Excerpts from a dataset:
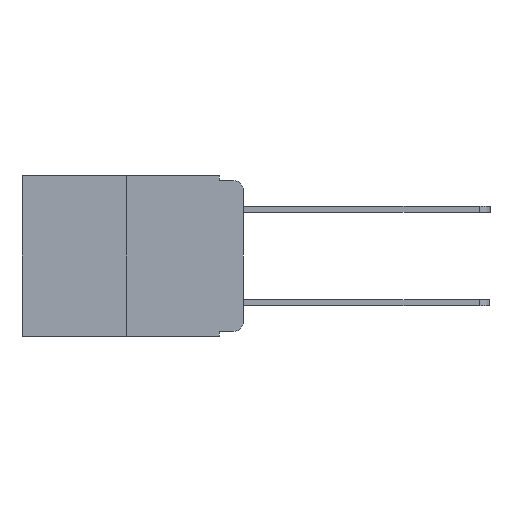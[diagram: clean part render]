
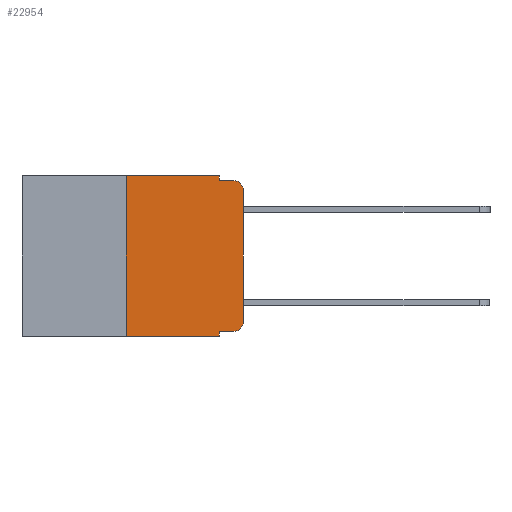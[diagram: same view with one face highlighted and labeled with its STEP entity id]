
A CAD part, left-side view. The second image highlights one B-rep face of the part: STEP entity #22954.
In plain terms, the highlighted planar face has unit normal (-1, 0, 0).
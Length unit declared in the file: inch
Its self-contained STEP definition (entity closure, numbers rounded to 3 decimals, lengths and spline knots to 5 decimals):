
#111 = VERTEX_POINT ( 'NONE', #21986 ) ;
#162 = VERTEX_POINT ( 'NONE', #19074 ) ;
#192 = VERTEX_POINT ( 'NONE', #23392 ) ;
#439 = EDGE_CURVE ( 'NONE', #111, #2995, #10752, .T. ) ;
#774 = PLANE ( 'NONE',  #13160 ) ;
#1546 = VECTOR ( 'NONE', #21145, 39.37008 ) ;
#1995 = CARTESIAN_POINT ( 'NONE',  ( 0., 0.473, 0. ) ) ;
#2221 = ORIENTED_EDGE ( 'NONE', *, *, #13077, .T. ) ;
#2234 = EDGE_CURVE ( 'NONE', #14750, #15001, #13015, .T. ) ;
#2666 = LINE ( 'NONE', #13023, #12016 ) ;
#2687 = CARTESIAN_POINT ( 'NONE',  ( 0., 0.25, -0.343 ) ) ;
#2995 = VERTEX_POINT ( 'NONE', #19513 ) ;
#3062 = VECTOR ( 'NONE', #18293, 39.37008 ) ;
#3075 = ORIENTED_EDGE ( 'NONE', *, *, #12287, .T. ) ;
#3140 = VERTEX_POINT ( 'NONE', #6819 ) ;
#3737 = CARTESIAN_POINT ( 'NONE',  ( 0., 0.02, -0.01 ) ) ;
#4594 = EDGE_LOOP ( 'NONE', ( #16537, #3075, #7938, #7744, #7660, #22437, #22881, #12996, #20558, #2221 ) ) ;
#4688 = DIRECTION ( 'NONE',  ( 0., 0., -1. ) ) ;
#4692 = CARTESIAN_POINT ( 'NONE',  ( 0., 0.473, -0.343 ) ) ;
#4694 = CARTESIAN_POINT ( 'NONE',  ( 0., 0.02, -0.03 ) ) ;
#5864 = VECTOR ( 'NONE', #19754, 39.37008 ) ;
#6584 = DIRECTION ( 'NONE',  ( 0., 0., -1. ) ) ;
#6819 = CARTESIAN_POINT ( 'NONE',  ( 0., 0.051, -0.01 ) ) ;
#7460 = DIRECTION ( 'NONE',  ( 0., -1., 0. ) ) ;
#7660 = ORIENTED_EDGE ( 'NONE', *, *, #11326, .F. ) ;
#7744 = ORIENTED_EDGE ( 'NONE', *, *, #18410, .F. ) ;
#7938 = ORIENTED_EDGE ( 'NONE', *, *, #14777, .F. ) ;
#8005 = VERTEX_POINT ( 'NONE', #16202 ) ;
#8170 = CIRCLE ( 'NONE', #23664, 0.02 ) ;
#9046 = CARTESIAN_POINT ( 'NONE',  ( 0., 0.02, -0.313 ) ) ;
#9582 = DIRECTION ( 'NONE',  ( 0., -1., 0. ) ) ;
#10246 = CIRCLE ( 'NONE', #19791, 0.02 ) ;
#10572 = EDGE_CURVE ( 'NONE', #111, #162, #2666, .T. ) ;
#10752 = LINE ( 'NONE', #22989, #5864 ) ;
#10874 = DIRECTION ( 'NONE',  ( 0., 0., -1. ) ) ;
#11106 = CARTESIAN_POINT ( 'NONE',  ( 0., 0., 0. ) ) ;
#11326 = EDGE_CURVE ( 'NONE', #8005, #192, #20778, .T. ) ;
#11344 = FACE_OUTER_BOUND ( 'NONE', #4594, .T. ) ;
#11826 = CARTESIAN_POINT ( 'NONE',  ( 0., 0.25, 0. ) ) ;
#11890 = VECTOR ( 'NONE', #15857, 39.37008 ) ;
#12016 = VECTOR ( 'NONE', #7460, 39.37008 ) ;
#12287 = EDGE_CURVE ( 'NONE', #15001, #12649, #10246, .T. ) ;
#12471 = LINE ( 'NONE', #11826, #16789 ) ;
#12566 = LINE ( 'NONE', #22700, #13156 ) ;
#12649 = VERTEX_POINT ( 'NONE', #3737 ) ;
#12996 = ORIENTED_EDGE ( 'NONE', *, *, #439, .F. ) ;
#13015 = LINE ( 'NONE', #11106, #3062 ) ;
#13023 = CARTESIAN_POINT ( 'NONE',  ( 0., 0.051, -0.333 ) ) ;
#13077 = EDGE_CURVE ( 'NONE', #162, #14750, #8170, .T. ) ;
#13156 = VECTOR ( 'NONE', #17396, 39.37008 ) ;
#13160 = AXIS2_PLACEMENT_3D ( 'NONE', #13920, #15781, #4688 ) ;
#13920 = CARTESIAN_POINT ( 'NONE',  ( 0., 0.473, 0. ) ) ;
#14545 = CARTESIAN_POINT ( 'NONE',  ( 0., 0., -0.03 ) ) ;
#14750 = VERTEX_POINT ( 'NONE', #19263 ) ;
#14777 = EDGE_CURVE ( 'NONE', #3140, #12649, #16452, .T. ) ;
#15001 = VERTEX_POINT ( 'NONE', #14545 ) ;
#15465 = VERTEX_POINT ( 'NONE', #2687 ) ;
#15572 = DIRECTION ( 'NONE',  ( 0., 0., 1. ) ) ;
#15781 = DIRECTION ( 'NONE',  ( 1., 0., 0. ) ) ;
#15857 = DIRECTION ( 'NONE',  ( 0., -1., 0. ) ) ;
#16043 = VECTOR ( 'NONE', #9582, 39.37008 ) ;
#16202 = CARTESIAN_POINT ( 'NONE',  ( 0., 0.25, 0. ) ) ;
#16452 = LINE ( 'NONE', #19341, #1546 ) ;
#16537 = ORIENTED_EDGE ( 'NONE', *, *, #2234, .T. ) ;
#16789 = VECTOR ( 'NONE', #15572, 39.37008 ) ;
#17351 = LINE ( 'NONE', #4692, #11890 ) ;
#17396 = DIRECTION ( 'NONE',  ( 0., 0., -1. ) ) ;
#17589 = DIRECTION ( 'NONE',  ( -1., 0., 0. ) ) ;
#18293 = DIRECTION ( 'NONE',  ( 0., 0., 1. ) ) ;
#18410 = EDGE_CURVE ( 'NONE', #192, #3140, #12566, .T. ) ;
#19074 = CARTESIAN_POINT ( 'NONE',  ( 0., 0.02, -0.333 ) ) ;
#19263 = CARTESIAN_POINT ( 'NONE',  ( 0., 0., -0.313 ) ) ;
#19341 = CARTESIAN_POINT ( 'NONE',  ( 0., 0.051, -0.01 ) ) ;
#19513 = CARTESIAN_POINT ( 'NONE',  ( 0., 0.051, -0.343 ) ) ;
#19722 = EDGE_CURVE ( 'NONE', #15465, #2995, #17351, .T. ) ;
#19754 = DIRECTION ( 'NONE',  ( 0., 0., -1. ) ) ;
#19791 = AXIS2_PLACEMENT_3D ( 'NONE', #4694, #17589, #6584 ) ;
#20558 = ORIENTED_EDGE ( 'NONE', *, *, #10572, .T. ) ;
#20778 = LINE ( 'NONE', #1995, #16043 ) ;
#20781 = EDGE_CURVE ( 'NONE', #15465, #8005, #12471, .T. ) ;
#21145 = DIRECTION ( 'NONE',  ( 0., -1., 0. ) ) ;
#21756 = DIRECTION ( 'NONE',  ( -1., 0., 0. ) ) ;
#21986 = CARTESIAN_POINT ( 'NONE',  ( 0., 0.051, -0.333 ) ) ;
#22437 = ORIENTED_EDGE ( 'NONE', *, *, #20781, .F. ) ;
#22700 = CARTESIAN_POINT ( 'NONE',  ( 0., 0.051, 0. ) ) ;
#22881 = ORIENTED_EDGE ( 'NONE', *, *, #19722, .T. ) ;
#22954 = ADVANCED_FACE ( 'NONE', ( #11344 ), #774, .F. ) ;
#22989 = CARTESIAN_POINT ( 'NONE',  ( 0., 0.051, 0. ) ) ;
#23392 = CARTESIAN_POINT ( 'NONE',  ( 0., 0.051, 0. ) ) ;
#23664 = AXIS2_PLACEMENT_3D ( 'NONE', #9046, #21756, #10874 ) ;
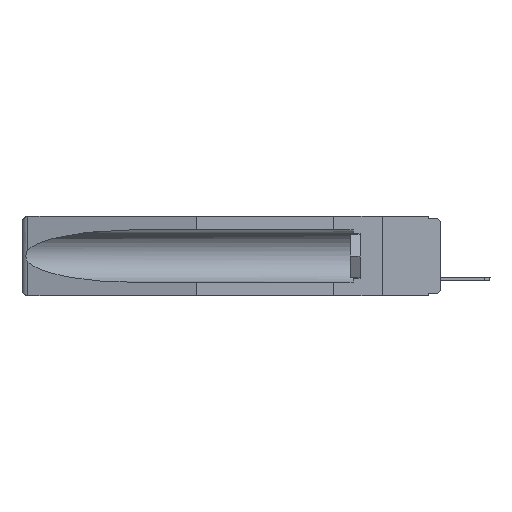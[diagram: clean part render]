
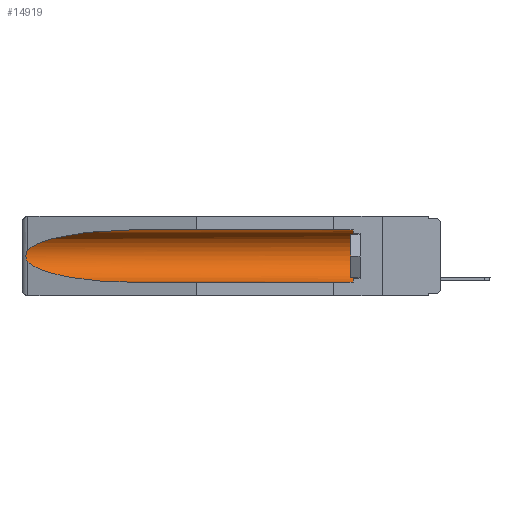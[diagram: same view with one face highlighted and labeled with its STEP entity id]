
A CAD part, left-side view. The second image highlights one B-rep face of the part: STEP entity #14919.
In plain terms, the highlighted cylindrical face has radius 2.857 mm (diameter 5.715 mm), a partial arc.
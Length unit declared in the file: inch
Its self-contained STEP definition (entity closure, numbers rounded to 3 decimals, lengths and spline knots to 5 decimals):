
#350 = DIRECTION ( 'NONE',  ( 0., 1., 0. ) ) ;
#384 = CARTESIAN_POINT ( 'NONE',  ( 0.155, 1.07973, -0.059 ) ) ;
#424 = ORIENTED_EDGE ( 'NONE', *, *, #5626, .T. ) ;
#513 = VERTEX_POINT ( 'NONE', #18364 ) ;
#762 = ORIENTED_EDGE ( 'NONE', *, *, #15672, .F. ) ;
#1241 = VECTOR ( 'NONE', #18341, 39.37008 ) ;
#1382 = VERTEX_POINT ( 'NONE', #384 ) ;
#1896 = CARTESIAN_POINT ( 'NONE',  ( 0.155, -0.30754, -0.059 ) ) ;
#2180 = CARTESIAN_POINT ( 'NONE',  ( 0.155, 0.126, -0.1715 ) ) ;
#2366 =( BOUNDED_CURVE ( )  B_SPLINE_CURVE ( 3, ( #6436, #12388, #16933, #3525 ),
 .UNSPECIFIED., .F., .F. ) 
 B_SPLINE_CURVE_WITH_KNOTS ( ( 4, 4 ),
 ( 4.71239, 6.08839 ),
 .UNSPECIFIED. ) 
 CURVE ( )  GEOMETRIC_REPRESENTATION_ITEM ( )  RATIONAL_B_SPLINE_CURVE ( ( 1., 0.848, 0.848, 1. ) ) 
 REPRESENTATION_ITEM ( '' )  );
#2823 = CIRCLE ( 'NONE', #17518, 0.1125 ) ;
#3043 = CARTESIAN_POINT ( 'NONE',  ( 0.26654, 1.53092, -0.15636 ) ) ;
#3142 = CARTESIAN_POINT ( 'NONE',  ( 0.2675, 1.53308, -0.16763 ) ) ;
#3234 = LINE ( 'NONE', #16838, #15283 ) ;
#3332 = CARTESIAN_POINT ( 'NONE',  ( 0.26537, 1.52718, -0.19328 ) ) ;
#3525 = CARTESIAN_POINT ( 'NONE',  ( 0.26537, 1.52718, -0.14972 ) ) ;
#3740 = DIRECTION ( 'NONE',  ( 0., 0., 1. ) ) ;
#4502 = CARTESIAN_POINT ( 'NONE',  ( 0.26597, 1.52961, -0.15275 ) ) ;
#4978 = CARTESIAN_POINT ( 'NONE',  ( 0.26597, 1.5296, -0.19026 ) ) ;
#5179 = DIRECTION ( 'NONE',  ( 0., -1., 0. ) ) ;
#5271 = CARTESIAN_POINT ( 'NONE',  ( 0.155, 1.07973, -0.284 ) ) ;
#5573 = CARTESIAN_POINT ( 'NONE',  ( 0.155, 0.126, -0.059 ) ) ;
#5626 = EDGE_CURVE ( 'NONE', #10328, #8989, #11929, .T. ) ;
#5648 = CARTESIAN_POINT ( 'NONE',  ( 0.21114, 1.30732, -0.284 ) ) ;
#6053 = CARTESIAN_POINT ( 'NONE',  ( 0.2673, 1.5327, -0.16383 ) ) ;
#6436 = CARTESIAN_POINT ( 'NONE',  ( 0.155, 1.07973, -0.059 ) ) ;
#6784 = ORIENTED_EDGE ( 'NONE', *, *, #7053, .T. ) ;
#7053 = EDGE_CURVE ( 'NONE', #8989, #15461, #15107, .T. ) ;
#7723 = ORIENTED_EDGE ( 'NONE', *, *, #17623, .T. ) ;
#7869 = VERTEX_POINT ( 'NONE', #5573 ) ;
#7901 = ORIENTED_EDGE ( 'NONE', *, *, #9360, .T. ) ;
#7943 = DIRECTION ( 'NONE',  ( 0., 0., 1. ) ) ;
#8288 = CARTESIAN_POINT ( 'NONE',  ( 0.25451, 1.48313, -0.24835 ) ) ;
#8975 = CARTESIAN_POINT ( 'NONE',  ( 0.2673, 1.53269, -0.17917 ) ) ;
#8989 = VERTEX_POINT ( 'NONE', #11730 ) ;
#9088 = EDGE_CURVE ( 'NONE', #7869, #1382, #12227, .T. ) ;
#9360 = EDGE_CURVE ( 'NONE', #513, #7869, #2823, .T. ) ;
#9414 = CYLINDRICAL_SURFACE ( 'NONE', #10843, 0.1125 ) ;
#9792 = EDGE_LOOP ( 'NONE', ( #7723, #424, #6784, #762, #7901, #17384 ) ) ;
#10120 = CARTESIAN_POINT ( 'NONE',  ( 0.26537, 1.52718, -0.19328 ) ) ;
#10328 = VERTEX_POINT ( 'NONE', #16973 ) ;
#10675 = CARTESIAN_POINT ( 'NONE',  ( 0.155, -0.30754, -0.1715 ) ) ;
#10843 = AXIS2_PLACEMENT_3D ( 'NONE', #10675, #350, #7943 ) ;
#11730 = CARTESIAN_POINT ( 'NONE',  ( 0.26537, 1.52718, -0.19328 ) ) ;
#11929 = B_SPLINE_CURVE_WITH_KNOTS ( 'NONE', 3,
 ( #17923, #4502, #3043, #6053, #3142, #15078, #8975, #12305, #4978, #3332 ),
 .UNSPECIFIED., .F., .F.,
 ( 4, 2, 2, 2, 4 ),
 ( 0., 0.00029, 0.00058, 0.00087, 0.00117 ),
 .UNSPECIFIED. ) ;
#12227 = LINE ( 'NONE', #1896, #1241 ) ;
#12305 = CARTESIAN_POINT ( 'NONE',  ( 0.26655, 1.53094, -0.18657 ) ) ;
#12388 = CARTESIAN_POINT ( 'NONE',  ( 0.21114, 1.30732, -0.059 ) ) ;
#14569 = CARTESIAN_POINT ( 'NONE',  ( 0.155, 1.07973, -0.284 ) ) ;
#14919 = ADVANCED_FACE ( 'NONE', ( #16889 ), #9414, .F. ) ;
#15078 = CARTESIAN_POINT ( 'NONE',  ( 0.2675, 1.53308, -0.17534 ) ) ;
#15107 =( BOUNDED_CURVE ( )  B_SPLINE_CURVE ( 3, ( #10120, #8288, #5648, #14569 ),
 .UNSPECIFIED., .F., .F. ) 
 B_SPLINE_CURVE_WITH_KNOTS ( ( 4, 4 ),
 ( 0.1948, 1.5708 ),
 .UNSPECIFIED. ) 
 CURVE ( )  GEOMETRIC_REPRESENTATION_ITEM ( )  RATIONAL_B_SPLINE_CURVE ( ( 1., 0.848, 0.848, 1. ) ) 
 REPRESENTATION_ITEM ( '' )  );
#15168 = DIRECTION ( 'NONE',  ( 0., 1., 0. ) ) ;
#15283 = VECTOR ( 'NONE', #15168, 39.37008 ) ;
#15461 = VERTEX_POINT ( 'NONE', #5271 ) ;
#15672 = EDGE_CURVE ( 'NONE', #513, #15461, #3234, .T. ) ;
#16838 = CARTESIAN_POINT ( 'NONE',  ( 0.155, -0.30754, -0.284 ) ) ;
#16889 = FACE_OUTER_BOUND ( 'NONE', #9792, .T. ) ;
#16933 = CARTESIAN_POINT ( 'NONE',  ( 0.25451, 1.48313, -0.09465 ) ) ;
#16973 = CARTESIAN_POINT ( 'NONE',  ( 0.26537, 1.52718, -0.14972 ) ) ;
#17384 = ORIENTED_EDGE ( 'NONE', *, *, #9088, .T. ) ;
#17518 = AXIS2_PLACEMENT_3D ( 'NONE', #2180, #5179, #3740 ) ;
#17623 = EDGE_CURVE ( 'NONE', #1382, #10328, #2366, .T. ) ;
#17923 = CARTESIAN_POINT ( 'NONE',  ( 0.26537, 1.52718, -0.14972 ) ) ;
#18341 = DIRECTION ( 'NONE',  ( 0., 1., 0. ) ) ;
#18364 = CARTESIAN_POINT ( 'NONE',  ( 0.155, 0.126, -0.284 ) ) ;

TO DO: The line above containing "#19722 = EDGE_CURVE", the line containing "#22989 = CARTESIAN_POINT", and every line between them are to be transcribed exactly; no other line is wanted.

YOUR SOLUTION:
#19722 = EDGE_CURVE ( 'NONE', #15465, #2995, #17351, .T. ) ;
#19754 = DIRECTION ( 'NONE',  ( 0., 0., -1. ) ) ;
#19791 = AXIS2_PLACEMENT_3D ( 'NONE', #4694, #17589, #6584 ) ;
#20558 = ORIENTED_EDGE ( 'NONE', *, *, #10572, .T. ) ;
#20778 = LINE ( 'NONE', #1995, #16043 ) ;
#20781 = EDGE_CURVE ( 'NONE', #15465, #8005, #12471, .T. ) ;
#21145 = DIRECTION ( 'NONE',  ( 0., -1., 0. ) ) ;
#21756 = DIRECTION ( 'NONE',  ( -1., 0., 0. ) ) ;
#21986 = CARTESIAN_POINT ( 'NONE',  ( 0., 0.051, -0.333 ) ) ;
#22437 = ORIENTED_EDGE ( 'NONE', *, *, #20781, .F. ) ;
#22700 = CARTESIAN_POINT ( 'NONE',  ( 0., 0.051, 0. ) ) ;
#22881 = ORIENTED_EDGE ( 'NONE', *, *, #19722, .T. ) ;
#22954 = ADVANCED_FACE ( 'NONE', ( #11344 ), #774, .F. ) ;
#22989 = CARTESIAN_POINT ( 'NONE',  ( 0., 0.051, 0. ) ) ;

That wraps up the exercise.